定性検査法では、ネガティブコントロールを含む試料で定性範囲を確認する。それぞれの濃度で5~10の繰り返しを行う。濃度に対して陽性率をプロットする。
・適用できるマトリクス
適用可能なマトリクスを明示的に示す。
・真度
定量法では、適切な範囲の濃度を添加した試料からの回収率を、真度の指標とする。6試料でそれぞれ3濃度における回収率を示す。
定性法では既存の方法と比較する。
・精度
定量法では、異なる日間、分析者間、検量線間、試薬間、マトリクス間のRSDを示す。定性法では、数種類の濃度での正答率・偽陽性・偽陰性率で表す。
・既存の方法との比較
可能ならば既存の方法(バリデートされた方法が望ましい)との比較を行うことが、強く推奨される。
・交差反応性
類似物質、代謝物、マトリクス中に存在する可能性のある成分への反応性。
・安定性
時間、温度、凍結・融解サイクルに対する、キットの各部の頑健さを評価する。
・検出限界
定量検査法では、マトリクスブランクの平均値+3標準偏差を、分析対象の濃度に変換する。
・定量限界
マトリクス毎に、少なくとも6個の添加サンプルを実際に分析して決定する。
・偽陽性・偽陰性率
定性検査法に適用される。
・頑健性
試験環境で起こりうるわずかな変化による試験系の変動の程度の試験。
2.5 単一試験室におけるバリデーション(single laboratory validation)

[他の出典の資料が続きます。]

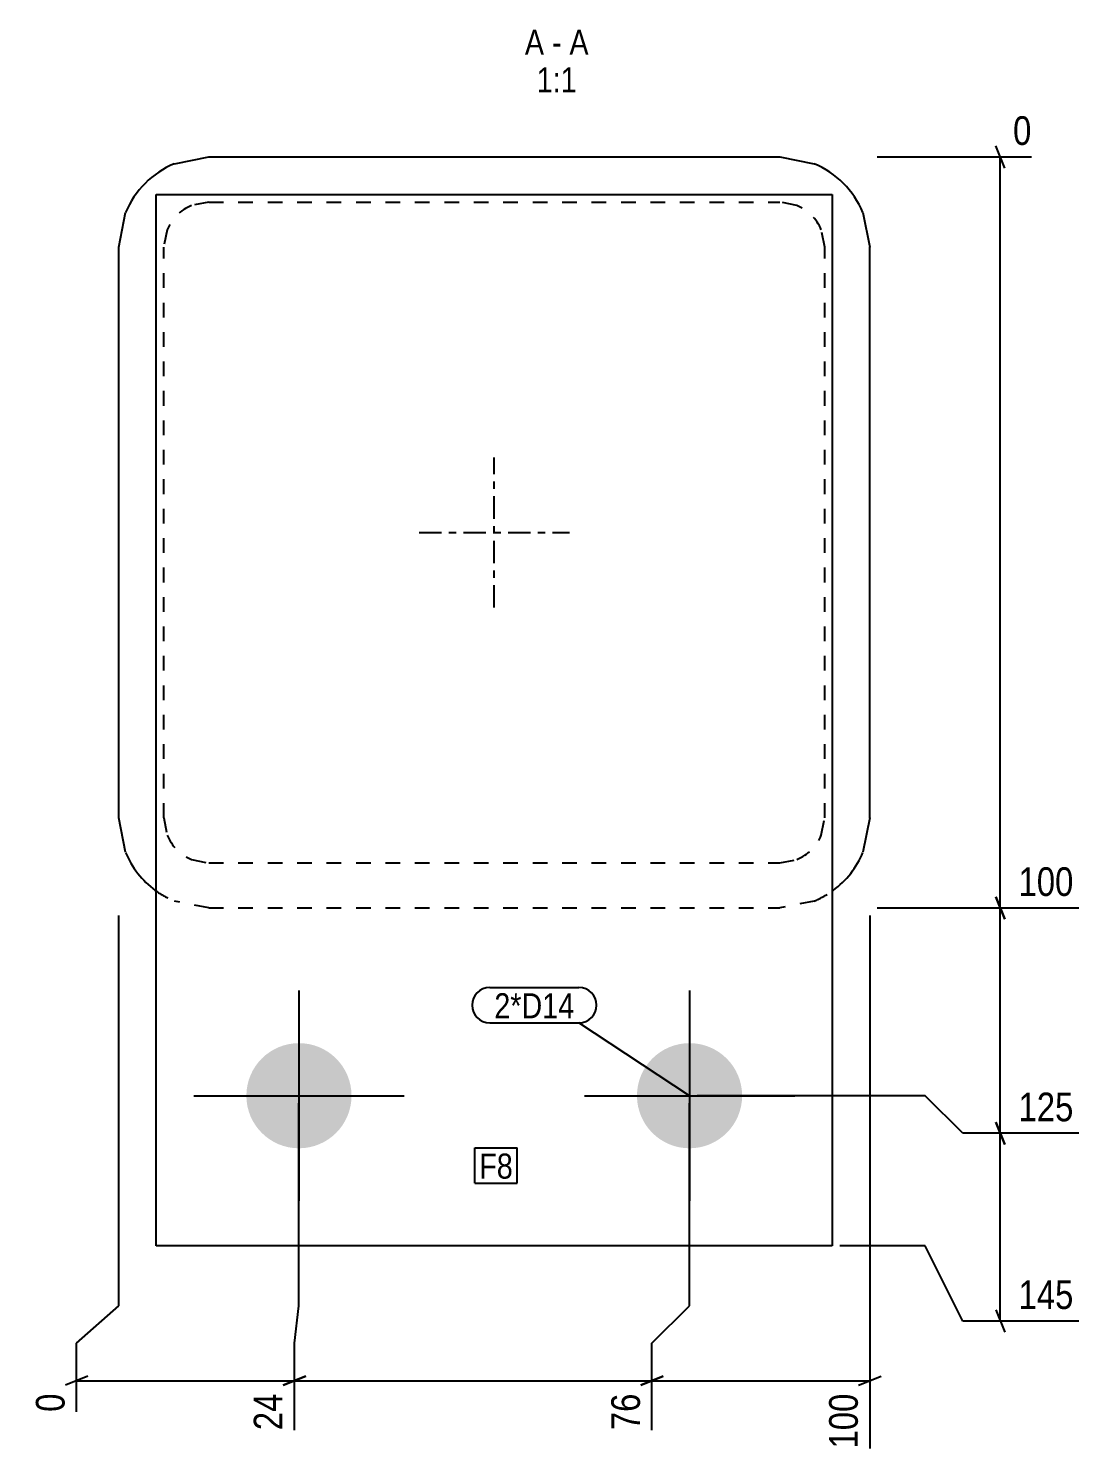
# Model space of a CAD drawing. Header units: millimetres. Extents: x 16 to 24925, y 2 to 481.
# Drawn here: x 10973.4 to 11113.3, y 1.6 to 191.5 of the extents above; entities that cross this region are included whole.
import ezdxf

# ---------------------------------------------------------------- set-up
doc = ezdxf.new("R2010")
doc.units = ezdxf.units.MM
doc.linetypes.add('DXK_LINE_DOT2', pattern=[3.9198, 1.9599, -1.9599])
doc.linetypes.add('DXK_LINE_DOT3', pattern=[5.9187, 2.979, -0.9799, 0.9799, -0.9799])
for name, color, linetype in [('MÅLSÆTNING', 7, 'Continuous'), ('STÅL', 7, 'Continuous'), ('TEKST', 7, 'Continuous')]:
    doc.layers.add(name, color=color, linetype=linetype)
doc.styles.add('Arial Narrow', font='ARIALN.TTF', dxfattribs={"height": 0.2})

msp = doc.modelspace()

# ---------------------------------------------------------------- hatches: boundary and pattern name
at = {"layer": 'STÅL', "linetype": 'Continuous'}
for points in [[(11016.37, 49.37, -1), (11002.37, 49.37, -1)], [(11068.37, 49.37, -1), (11054.37, 49.37, -1)]]:
    msp.add_hatch(color=96, dxfattribs=at).paths.add_polyline_path(points)

# ---------------------------------------------------------------- linework, layer by layer
at = {"layer": 'MÅLSÆTNING', "color": 7, "linetype": 'Continuous'}
for p, q in [((11103.34, 172.87), (11102.14, 175.87)), ((11086.37, 174.37), (11106.88, 174.37)), ((11102.74, 74.37), (11102.74, 174.37)), ((11086.37, 74.37), (11113.21, 74.37)), ((11086.37, 74.37), (11113.21, 74.37)), ((11102.14, 75.87), (11103.34, 72.87)), ((11103.34, 72.87), (11102.14, 75.87)), ((11102.74, 44.37), (11102.74, 74.37)), ((10985.37, 21.41), (10985.37, 73.37)), ((11085.37, 73.37), (11085.37, 2.4)), ((11092.74, 49.37), (11062.37, 49.37)), ((11092.74, 49.37), (11062.37, 49.37)), ((11097.74, 44.37), (11092.74, 49.37)), ((11097.74, 44.37), (11092.74, 49.37)), ((11009.37, 21.41), (11009.37, 48.37)), ((11009.37, 21.41), (11009.37, 48.37)), ((11061.37, 21.41), (11061.37, 48.37)), ((11061.37, 21.41), (11061.37, 48.37)), ((11102.14, 45.87), (11103.34, 42.87)), ((11103.34, 42.87), (11102.14, 45.87)), ((11113.21, 44.37), (11097.74, 44.37)), ((11113.21, 44.37), (11097.74, 44.37)), ((11102.74, 19.37), (11102.74, 44.37)), ((11092.74, 29.37), (11081.37, 29.37)), ((11097.74, 19.37), (11092.74, 29.37)), ((10979.77, 16.41), (10985.37, 21.41)), ((11008.77, 16.41), (11009.37, 21.41)), ((11008.77, 16.41), (11009.37, 21.41)), ((11056.37, 16.41), (11061.37, 21.41)), ((11056.37, 16.41), (11061.37, 21.41)), ((11113.21, 19.37), (11097.74, 19.37)), ((11102.14, 20.87), (11103.34, 17.87)), ((10979.77, 7.28), (10979.77, 16.41)), ((11008.77, 4.84), (11008.77, 16.41)), ((11008.77, 4.84), (11008.77, 16.41)), ((11056.37, 4.84), (11056.37, 16.41)), ((11056.37, 4.84), (11056.37, 16.41)), ((10981.27, 12.01), (10978.27, 10.81)), ((10979.77, 11.41), (11008.77, 11.41)), ((11010.27, 12.01), (11007.27, 10.81)), ((11007.27, 10.81), (11010.27, 12.01)), ((11008.77, 11.41), (11056.37, 11.41)), ((11057.87, 12.01), (11054.87, 10.81)), ((11054.87, 10.81), (11057.87, 12.01)), ((11056.37, 11.41), (11085.37, 11.41)), ((11083.87, 10.81), (11086.87, 12.01))]:
    msp.add_line(p, q, dxfattribs=at)
at = {"layer": 'STÅL', "color": 2, "linetype": 'Continuous'}
for p, q in [((10992.78, 173.46), (10997.37, 174.37)), ((10997.37, 174.37), (11073.37, 174.37)), ((11073.37, 174.37), (11077.96, 173.46)), ((10990.37, 29.37), (10990.37, 169.37)), ((10990.37, 169.37), (11080.37, 169.37)), ((11080.37, 169.37), (11080.37, 29.37)), ((10985.37, 162.37), (10986.28, 166.96)), ((11084.45, 166.96), (11085.37, 162.37)), ((10985.37, 86.37), (10985.37, 162.37)), ((11085.37, 86.37), (11085.37, 162.37)), ((10986.28, 81.78), (10985.37, 86.37)), ((11085.37, 86.37), (11084.45, 81.78)), ((11080.37, 29.37), (10990.37, 29.37))]:
    msp.add_line(p, q, dxfattribs=at)
at = {"layer": 'STÅL', "color": 7, "linetype": 'DXK_LINE_DOT2'}
for p, q in [((10997.37, 168.37), (10995.07, 167.92)), ((10997.37, 168.37), (11073.37, 168.37)), ((11075.66, 167.92), (11073.37, 168.37)), ((10991.82, 164.67), (10991.37, 162.37)), ((11079.37, 162.37), (11078.91, 164.67)), ((10991.37, 86.37), (10991.37, 162.37)), ((11079.37, 86.37), (11079.37, 162.37)), ((10991.37, 86.37), (10991.82, 84.08)), ((11078.91, 84.08), (11079.37, 86.37)), ((10995.07, 80.83), (10997.37, 80.37)), ((10997.37, 80.37), (11073.37, 80.37)), ((11073.37, 80.37), (11075.66, 80.83)), ((10997.37, 74.37), (10992.78, 75.29)), ((10997.37, 74.37), (11073.37, 74.37)), ((11077.96, 75.29), (11073.37, 74.37))]:
    msp.add_line(p, q, dxfattribs=at)
at = {"layer": 'STÅL', "color": 7, "linetype": 'DXK_LINE_DOT3'}
for p, q in [((11035.37, 114.37), (11035.37, 134.37)), ((11025.37, 124.37), (11045.37, 124.37))]:
    msp.add_line(p, q, dxfattribs=at)
at = {"layer": 'STÅL', "color": 96, "linetype": 'Continuous'}
for p, q in [((11009.37, 63.37), (11009.37, 35.37)), ((11061.37, 63.37), (11061.37, 35.37)), ((10995.37, 49.37), (11023.37, 49.37)), ((11047.37, 49.37), (11075.37, 49.37))]:
    msp.add_line(p, q, dxfattribs=at)
at = {"layer": 'STÅL', "color": 2, "linetype": 'Continuous'}
for centre, start, end in [((10997.37, 162.37), 112.5, 157.5), ((11073.37, 162.37), 22.5, 67.5), ((10997.37, 86.37), 202.5, 233.5514), ((11073.37, 86.37), 306.4486, 337.5)]:
    msp.add_arc(centre, 12, start, end, dxfattribs=at)
at = {"layer": 'STÅL', "color": 7, "linetype": 'DXK_LINE_DOT2'}
for centre, radius, start, end in [((10997.37, 162.37), 6, 112.5, 157.5), ((11073.37, 162.37), 6, 22.5, 67.5), ((10997.37, 86.37), 6, 202.5, 247.5), ((11073.37, 86.37), 6, 292.5, 337.5), ((10997.37, 86.37), 12, 233.5514, 247.5), ((11073.37, 86.37), 12, 292.5, 306.4486)]:
    msp.add_arc(centre, radius, start, end, dxfattribs=at)

# ---------------------------------------------------------------- wipeouts: each hides what was drawn before it
at = {"color": 0, "linetype": 'Continuous'}
for points in [[(11042, 187.97), (11042, 191.47), (11039.45, 191.47), (11039.45, 187.97)], [(11044.33, 187.97), (11044.33, 191.47), (11043.05, 191.47), (11043.05, 187.97)], [(11047.93, 187.97), (11047.93, 191.47), (11045.38, 191.47), (11045.38, 187.97)], [(11046.36, 182.97), (11046.36, 186.47), (11041.02, 186.47), (11041.02, 182.97)]]:
    msp.add_wipeout(points, dxfattribs=at).dxf.layer = 'TEKST'
at = {"color": 0}
for points in [[(11046.04, 59.68), (11046.04, 63.18), (11035.38, 63.18), (11035.38, 59.68)], [(11037.84, 38.33), (11037.84, 41.83), (11033.37, 41.83), (11033.37, 38.33)]]:
    msp.add_wipeout(points, dxfattribs=at).dxf.layer = 'TEKST'

# ---------------------------------------------------------------- next in the draw order: texts
at = {"layer": 'TEKST', "color": 3, "linetype": 'Continuous', "style": 'Arial Narrow'}
for s, p in [('A', (11039.45, 187.97)), ('A', (11045.38, 187.97)), ('-', (11043.05, 187.97)), ('1:1', (11041.02, 182.97))]:
    msp.add_text(s, height=3.34, dxfattribs=at).set_placement(p)

# ---------------------------------------------------------------- next in the draw order: wipeouts: each hides what was drawn before it
at = {"color": 0, "linetype": 'Continuous'}
for points in [[(11107.68, 175.17), (11107.68, 180.77), (11103.64, 180.77), (11103.64, 175.17)], [(11113.28, 75.17), (11113.28, 80.77), (11104.37, 80.77), (11104.37, 75.17)], [(11113.28, 45.17), (11113.28, 50.77), (11104.37, 50.77), (11104.37, 45.17)], [(11113.28, 20.17), (11113.28, 25.77), (11104.37, 25.77), (11104.37, 20.17)], [(10978.97, 10.51), (10973.37, 10.51), (10973.37, 6.47), (10978.97, 6.47)], [(11007.97, 10.51), (11002.37, 10.51), (11002.37, 4.04), (11007.97, 4.04)], [(11055.57, 10.51), (11049.97, 10.51), (11049.97, 4.04), (11055.57, 4.04)], [(11084.57, 10.51), (11078.97, 10.51), (11078.97, 1.6), (11084.57, 1.6)]]:
    msp.add_wipeout(points, dxfattribs=at).dxf.layer = 'MÅLSÆTNING'
at = {"color": 0}
for points in [[(11046.04, 59.68), (11046.04, 63.18), (11035.38, 63.18), (11035.38, 59.68)], [(11037.84, 38.33), (11037.84, 41.83), (11033.37, 41.83), (11033.37, 38.33)]]:
    msp.add_wipeout(points, dxfattribs=at).dxf.layer = 'TEKST'

# ---------------------------------------------------------------- next in the draw order: linework, layer by layer
at = {"layer": 'TEKST', "color": 7, "linetype": 'Continuous'}
for p, q in [((11034.78, 63.78), (11046.64, 63.78)), ((11034.78, 59.08), (11046.64, 59.08)), ((11061.37, 49.37), (11046.64, 59.08)), ((11032.77, 42.43), (11038.44, 42.43)), ((11032.77, 37.73), (11032.77, 42.43)), ((11038.44, 37.73), (11038.44, 42.43)), ((11032.77, 37.73), (11038.44, 37.73))]:
    msp.add_line(p, q, dxfattribs=at)
for centre, start, end in [((11034.78, 61.43), 90, 270), ((11046.64, 61.43), 270, 90)]:
    msp.add_arc(centre, 2.35, start, end, dxfattribs=at)

# ---------------------------------------------------------------- next in the draw order: texts
at = {"layer": 'MÅLSÆTNING', "color": 3, "linetype": 'Continuous', "style": 'Arial Narrow'}
for s, height, p in [('0', 3.82, (11104.44, 175.97)), ('100', 3.818, (11105.17, 75.97)), ('125', 3.818, (11105.17, 45.97)), ('145', 3.818, (11105.17, 20.97))]:
    msp.add_text(s, height=height, dxfattribs=at).set_placement(p)
for s, height, p in [('0', 3.82, (10978.17, 7.28)), ('24', 3.818, (11007.17, 4.84)), ('76', 3.818, (11054.77, 4.84)), ('100', 3.818, (11083.77, 2.4))]:
    msp.add_text(s, height=height, rotation=90.0002, dxfattribs=at).set_placement(p)
at = {"layer": 'TEKST', "color": 3, "style": 'Arial Narrow'}
for s, p in [('2*D14', (11035.38, 59.68)), ('F8', (11033.37, 38.33))]:
    msp.add_text(s, height=3.34, dxfattribs=at).set_placement(p)

doc.saveas('drawing.dxf')

試験室間試験の前に分析法の実行可能性を確認する。コラボラティブデータが得られない、あるいは正式なコラボラティブトライアルの実施が現実的ではない場合に、分析法の信頼性の証拠を提供する。既にバリデートされた方法が正しく使用されていることを保証する等の目的のために、1試験室におけるバリデーションが行われる。このバリデーションについては、IUPACの技術報告が調和ガイドラインを提供している。その中の勧告では、
・ 可能及び現実的ならば、国際的プロトコルに適合したコラボラティブトライアルで性能を評価された分析法を使用する。
・ そのような分析法がない場合には、顧客に分析データを提供する前に試験室内で分析法をバリデートする。
・ 単一試験室バリデーションでは、以下の中から適切な性能を選んで評価する:適用性、特異性、真度、精度、範囲、定量下限、検出下限、感度、頑健性。どの性能を選ぶかは、顧客の要求を考慮して決定する。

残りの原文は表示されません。